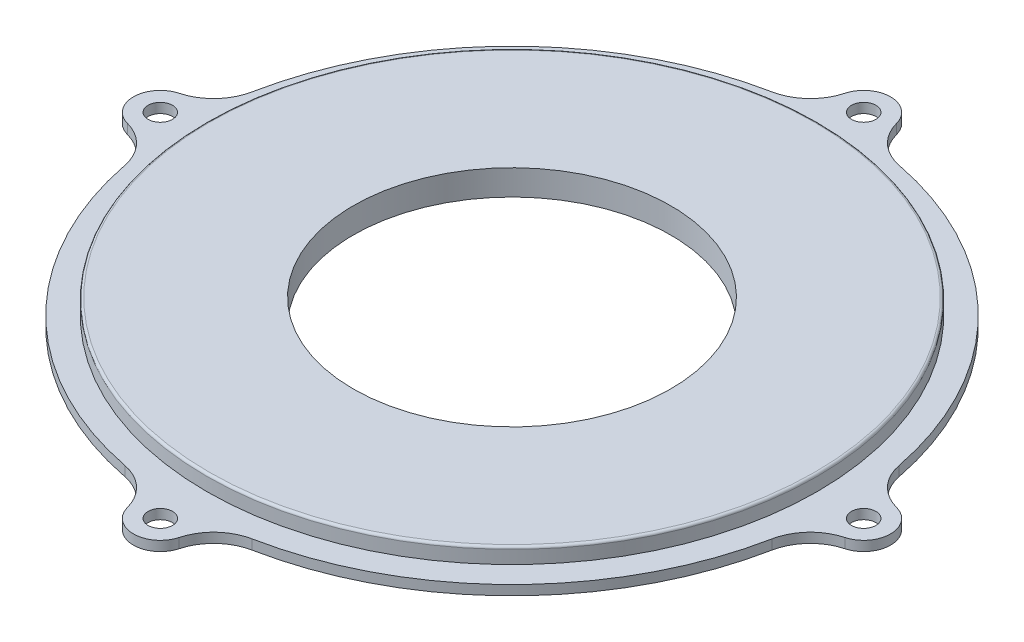
ISO-10303-21;
HEADER;
FILE_DESCRIPTION(('STEP AP214'),'2;1');
FILE_NAME('part.step','',(''),(''),'','','');
FILE_SCHEMA(('AUTOMOTIVE_DESIGN { 1 0 10303 214 1 1 1 1 }'));
ENDSEC;
DATA;
#1=APPLICATION_CONTEXT('core data for automotive mechanical design processes');
#2=APPLICATION_PROTOCOL_DEFINITION('international standard','automotive_design',2000,#1);
#3=PRODUCT_CONTEXT('',#1,'mechanical');
#4=PRODUCT('Part','Part','',(#3));
#5=PRODUCT_RELATED_PRODUCT_CATEGORY('part','',(#4));
#6=PRODUCT_DEFINITION_FORMATION('','',#4);
#7=PRODUCT_DEFINITION_CONTEXT('part definition',#1,'design');
#8=PRODUCT_DEFINITION('design','',#6,#7);
#9=PRODUCT_DEFINITION_SHAPE('','',#8);
#10=(LENGTH_UNIT() NAMED_UNIT(*) SI_UNIT(.MILLI.,.METRE.));
#11=(NAMED_UNIT(*) PLANE_ANGLE_UNIT() SI_UNIT($,.RADIAN.));
#12=(NAMED_UNIT(*) SI_UNIT($,.STERADIAN.) SOLID_ANGLE_UNIT());
#13=UNCERTAINTY_MEASURE_WITH_UNIT(LENGTH_MEASURE(1.E-05),#10,'distance_accuracy_value','');
#14=(GEOMETRIC_REPRESENTATION_CONTEXT(3) GLOBAL_UNCERTAINTY_ASSIGNED_CONTEXT((#13)) GLOBAL_UNIT_ASSIGNED_CONTEXT((#10,
#11,#12)) REPRESENTATION_CONTEXT('',''));
#15=CARTESIAN_POINT('',(0.,0.,0.));
#16=DIRECTION('',(0.,0.,1.));
#17=DIRECTION('',(1.,0.,0.));
#18=AXIS2_PLACEMENT_3D('',#15,#16,#17);
#19=CARTESIAN_POINT('',(0.,-2.,0.));
#20=DIRECTION('',(0.,1.,0.));
#21=DIRECTION('',(0.,0.,1.));
#22=AXIS2_PLACEMENT_3D('',#19,#20,#21);
#23=CYLINDRICAL_SURFACE('',#22,67.5);
#24=DIRECTION('',(0.,-1.,0.));
#25=VECTOR('',#24,1.);
#26=CARTESIAN_POINT('',(13.0329760411852,0.,-66.2298387096775));
#27=LINE('',#26,#25);
#28=CARTESIAN_POINT('',(13.0329760411852,0.,-66.2298387096775));
#29=VERTEX_POINT('',#28);
#30=CARTESIAN_POINT('',(13.0329760411852,-2.,-66.2298387096775));
#31=VERTEX_POINT('',#30);
#32=EDGE_CURVE('E242',#29,#31,#27,.T.);
#33=ORIENTED_EDGE('',*,*,#32,.F.);
#34=CARTESIAN_POINT('',(0.,0.,0.));
#35=DIRECTION('',(0.,-1.,0.));
#36=DIRECTION('',(0.,0.,-1.));
#37=AXIS2_PLACEMENT_3D('',#34,#35,#36);
#38=CIRCLE('',#37,67.5);
#39=CARTESIAN_POINT('',(66.2298387096774,0.,-13.0329760411855));
#40=VERTEX_POINT('',#39);
#41=EDGE_CURVE('E281',#29,#40,#38,.T.);
#42=ORIENTED_EDGE('',*,*,#41,.T.);
#43=DIRECTION('',(0.,-1.,0.));
#44=VECTOR('',#43,1.);
#45=CARTESIAN_POINT('',(66.2298387096774,0.,-13.0329760411855));
#46=LINE('',#45,#44);
#47=CARTESIAN_POINT('',(66.2298387096774,-2.,-13.0329760411855));
#48=VERTEX_POINT('',#47);
#49=EDGE_CURVE('E284',#40,#48,#46,.T.);
#50=ORIENTED_EDGE('',*,*,#49,.T.);
#51=CARTESIAN_POINT('',(0.,-2.,0.));
#52=DIRECTION('',(0.,-1.,0.));
#53=DIRECTION('',(0.,0.,-1.));
#54=AXIS2_PLACEMENT_3D('',#51,#52,#53);
#55=CIRCLE('',#54,67.5);
#56=EDGE_CURVE('E294',#31,#48,#55,.T.);
#57=ORIENTED_EDGE('',*,*,#56,.F.);
#58=EDGE_LOOP('',(#33,#42,#50,#57));
#59=FACE_BOUND('',#58,.T.);
#60=ADVANCED_FACE('F43',(#59),#23,.T.);
#61=DIRECTION('',(0.,-1.,0.));
#62=VECTOR('',#61,1.);
#63=CARTESIAN_POINT('',(-13.0329760411848,0.,66.2298387096776));
#64=LINE('',#63,#62);
#65=CARTESIAN_POINT('',(-13.0329760411848,0.,66.2298387096776));
#66=VERTEX_POINT('',#65);
#67=CARTESIAN_POINT('',(-13.0329760411848,-2.,66.2298387096776));
#68=VERTEX_POINT('',#67);
#69=EDGE_CURVE('E183',#66,#68,#64,.T.);
#70=ORIENTED_EDGE('',*,*,#69,.F.);
#71=CARTESIAN_POINT('',(-66.2298387096774,0.,13.0329760411855));
#72=VERTEX_POINT('',#71);
#73=EDGE_CURVE('E297',#66,#72,#38,.T.);
#74=ORIENTED_EDGE('',*,*,#73,.T.);
#75=DIRECTION('',(0.,-1.,0.));
#76=VECTOR('',#75,1.);
#77=CARTESIAN_POINT('',(-66.2298387096774,0.,13.0329760411855));
#78=LINE('',#77,#76);
#79=CARTESIAN_POINT('',(-66.2298387096774,-2.,13.0329760411855));
#80=VERTEX_POINT('',#79);
#81=EDGE_CURVE('E224',#72,#80,#78,.T.);
#82=ORIENTED_EDGE('',*,*,#81,.T.);
#83=EDGE_CURVE('E293',#68,#80,#55,.T.);
#84=ORIENTED_EDGE('',*,*,#83,.F.);
#85=EDGE_LOOP('',(#70,#74,#82,#84));
#86=FACE_BOUND('',#85,.T.);
#87=ADVANCED_FACE('F320',(#86),#23,.T.);
#88=CARTESIAN_POINT('',(-66.2298387096774,0.,-13.0329760411855));
#89=VERTEX_POINT('',#88);
#90=CARTESIAN_POINT('',(-13.0329760411857,0.,-66.2298387096774));
#91=VERTEX_POINT('',#90);
#92=EDGE_CURVE('E357',#89,#91,#38,.T.);
#93=ORIENTED_EDGE('',*,*,#92,.T.);
#94=DIRECTION('',(0.,-1.,0.));
#95=VECTOR('',#94,1.);
#96=CARTESIAN_POINT('',(-13.0329760411857,0.,-66.2298387096774));
#97=LINE('',#96,#95);
#98=CARTESIAN_POINT('',(-13.0329760411857,-2.,-66.2298387096774));
#99=VERTEX_POINT('',#98);
#100=EDGE_CURVE('E253',#91,#99,#97,.T.);
#101=ORIENTED_EDGE('',*,*,#100,.T.);
#102=CARTESIAN_POINT('',(-66.2298387096774,-2.,-13.0329760411855));
#103=VERTEX_POINT('',#102);
#104=EDGE_CURVE('E627',#103,#99,#55,.T.);
#105=ORIENTED_EDGE('',*,*,#104,.F.);
#106=DIRECTION('',(0.,-1.,0.));
#107=VECTOR('',#106,1.);
#108=CARTESIAN_POINT('',(-66.2298387096774,0.,-13.0329760411855));
#109=LINE('',#108,#107);
#110=EDGE_CURVE('E214',#89,#103,#109,.T.);
#111=ORIENTED_EDGE('',*,*,#110,.F.);
#112=EDGE_LOOP('',(#93,#101,#105,#111));
#113=FACE_BOUND('',#112,.T.);
#114=ADVANCED_FACE('F327',(#113),#23,.T.);
#115=CARTESIAN_POINT('',(66.2298387096774,0.,13.0329760411855));
#116=VERTEX_POINT('',#115);
#117=CARTESIAN_POINT('',(13.0329760411862,0.,66.2298387096773));
#118=VERTEX_POINT('',#117);
#119=EDGE_CURVE('E295',#116,#118,#38,.T.);
#120=ORIENTED_EDGE('',*,*,#119,.T.);
#121=DIRECTION('',(0.,-1.,0.));
#122=VECTOR('',#121,1.);
#123=CARTESIAN_POINT('',(13.0329760411862,0.,66.2298387096773));
#124=LINE('',#123,#122);
#125=CARTESIAN_POINT('',(13.0329760411862,-2.,66.2298387096773));
#126=VERTEX_POINT('',#125);
#127=EDGE_CURVE('E168',#118,#126,#124,.T.);
#128=ORIENTED_EDGE('',*,*,#127,.T.);
#129=CARTESIAN_POINT('',(66.2298387096774,-2.,13.0329760411855));
#130=VERTEX_POINT('',#129);
#131=EDGE_CURVE('E289',#130,#126,#55,.T.);
#132=ORIENTED_EDGE('',*,*,#131,.F.);
#133=DIRECTION('',(0.,-1.,0.));
#134=VECTOR('',#133,1.);
#135=CARTESIAN_POINT('',(66.2298387096774,0.,13.0329760411855));
#136=LINE('',#135,#134);
#137=EDGE_CURVE('E272',#116,#130,#136,.T.);
#138=ORIENTED_EDGE('',*,*,#137,.F.);
#139=EDGE_LOOP('',(#120,#128,#132,#138));
#140=FACE_BOUND('',#139,.T.);
#141=ADVANCED_FACE('F323',(#140),#23,.T.);
#142=CARTESIAN_POINT('',(0.,9.,0.));
#143=DIRECTION('',(0.,-1.,0.));
#144=DIRECTION('',(0.,0.,-1.));
#145=AXIS2_PLACEMENT_3D('',#142,#143,#144);
#146=CYLINDRICAL_SURFACE('',#145,62.5);
#147=CARTESIAN_POINT('',(0.,2.7,0.));
#148=DIRECTION('',(0.,1.,0.));
#149=DIRECTION('',(0.,0.,1.));
#150=AXIS2_PLACEMENT_3D('',#147,#148,#149);
#151=CIRCLE('',#150,62.5);
#152=CARTESIAN_POINT('',(0.,2.7,62.5));
#153=VERTEX_POINT('',#152);
#154=EDGE_CURVE('E51',#153,#153,#151,.F.);
#155=ORIENTED_EDGE('',*,*,#154,.T.);
#156=EDGE_LOOP('',(#155));
#157=FACE_BOUND('',#156,.T.);
#158=CARTESIAN_POINT('',(0.,0.,0.));
#159=DIRECTION('',(0.,1.,0.));
#160=DIRECTION('',(0.,0.,1.));
#161=AXIS2_PLACEMENT_3D('',#158,#159,#160);
#162=CIRCLE('',#161,62.5);
#163=CARTESIAN_POINT('',(0.,0.,62.5));
#164=VERTEX_POINT('',#163);
#165=EDGE_CURVE('E292',#164,#164,#162,.T.);
#166=ORIENTED_EDGE('',*,*,#165,.T.);
#167=EDGE_LOOP('',(#166));
#168=FACE_BOUND('',#167,.T.);
#169=ADVANCED_FACE('F306',(#157,#168),#146,.T.);
#170=CARTESIAN_POINT('',(0.,3.2,0.));
#171=DIRECTION('',(0.,1.,0.));
#172=DIRECTION('',(0.,0.,1.));
#173=AXIS2_PLACEMENT_3D('',#170,#171,#172);
#174=PLANE('',#173);
#175=CARTESIAN_POINT('',(0.,3.2,0.));
#176=DIRECTION('',(0.,1.,0.));
#177=DIRECTION('',(0.,0.,1.));
#178=AXIS2_PLACEMENT_3D('',#175,#176,#177);
#179=CIRCLE('',#178,62.);
#180=CARTESIAN_POINT('',(0.,3.2,62.));
#181=VERTEX_POINT('',#180);
#182=EDGE_CURVE('E12',#181,#181,#179,.T.);
#183=ORIENTED_EDGE('',*,*,#182,.T.);
#184=EDGE_LOOP('',(#183));
#185=FACE_BOUND('',#184,.T.);
#186=CARTESIAN_POINT('',(0.,3.2,0.));
#187=DIRECTION('',(0.,1.,0.));
#188=DIRECTION('',(0.,0.,1.));
#189=AXIS2_PLACEMENT_3D('',#186,#187,#188);
#190=CIRCLE('',#189,32.5);
#191=CARTESIAN_POINT('',(0.,3.2,32.5));
#192=VERTEX_POINT('',#191);
#193=EDGE_CURVE('E300',#192,#192,#190,.T.);
#194=ORIENTED_EDGE('',*,*,#193,.F.);
#195=EDGE_LOOP('',(#194));
#196=FACE_BOUND('',#195,.T.);
#197=ADVANCED_FACE('F338',(#185,#196),#174,.T.);
#198=CARTESIAN_POINT('',(0.,-2.,0.));
#199=DIRECTION('',(0.,-1.,0.));
#200=DIRECTION('',(0.,0.,-1.));
#201=AXIS2_PLACEMENT_3D('',#198,#199,#200);
#202=PLANE('',#201);
#203=CARTESIAN_POINT('',(0.,-2.,0.));
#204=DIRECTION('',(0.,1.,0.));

══════

### [Your assignment]
Reproduce only the lines above spanning from the line containing "#85=EDGE_LOOP('',(#70,#74,#82,#84));" through the line containing "#118=VERTEX_POINT('',#117);", word for word.

### [Response for this exercise]
#85=EDGE_LOOP('',(#70,#74,#82,#84));
#86=FACE_BOUND('',#85,.T.);
#87=ADVANCED_FACE('F320',(#86),#23,.T.);
#88=CARTESIAN_POINT('',(-66.2298387096774,0.,-13.0329760411855));
#89=VERTEX_POINT('',#88);
#90=CARTESIAN_POINT('',(-13.0329760411857,0.,-66.2298387096774));
#91=VERTEX_POINT('',#90);
#92=EDGE_CURVE('E357',#89,#91,#38,.T.);
#93=ORIENTED_EDGE('',*,*,#92,.T.);
#94=DIRECTION('',(0.,-1.,0.));
#95=VECTOR('',#94,1.);
#96=CARTESIAN_POINT('',(-13.0329760411857,0.,-66.2298387096774));
#97=LINE('',#96,#95);
#98=CARTESIAN_POINT('',(-13.0329760411857,-2.,-66.2298387096774));
#99=VERTEX_POINT('',#98);
#100=EDGE_CURVE('E253',#91,#99,#97,.T.);
#101=ORIENTED_EDGE('',*,*,#100,.T.);
#102=CARTESIAN_POINT('',(-66.2298387096774,-2.,-13.0329760411855));
#103=VERTEX_POINT('',#102);
#104=EDGE_CURVE('E627',#103,#99,#55,.T.);
#105=ORIENTED_EDGE('',*,*,#104,.F.);
#106=DIRECTION('',(0.,-1.,0.));
#107=VECTOR('',#106,1.);
#108=CARTESIAN_POINT('',(-66.2298387096774,0.,-13.0329760411855));
#109=LINE('',#108,#107);
#110=EDGE_CURVE('E214',#89,#103,#109,.T.);
#111=ORIENTED_EDGE('',*,*,#110,.F.);
#112=EDGE_LOOP('',(#93,#101,#105,#111));
#113=FACE_BOUND('',#112,.T.);
#114=ADVANCED_FACE('F327',(#113),#23,.T.);
#115=CARTESIAN_POINT('',(66.2298387096774,0.,13.0329760411855));
#116=VERTEX_POINT('',#115);
#117=CARTESIAN_POINT('',(13.0329760411862,0.,66.2298387096773));
#118=VERTEX_POINT('',#117);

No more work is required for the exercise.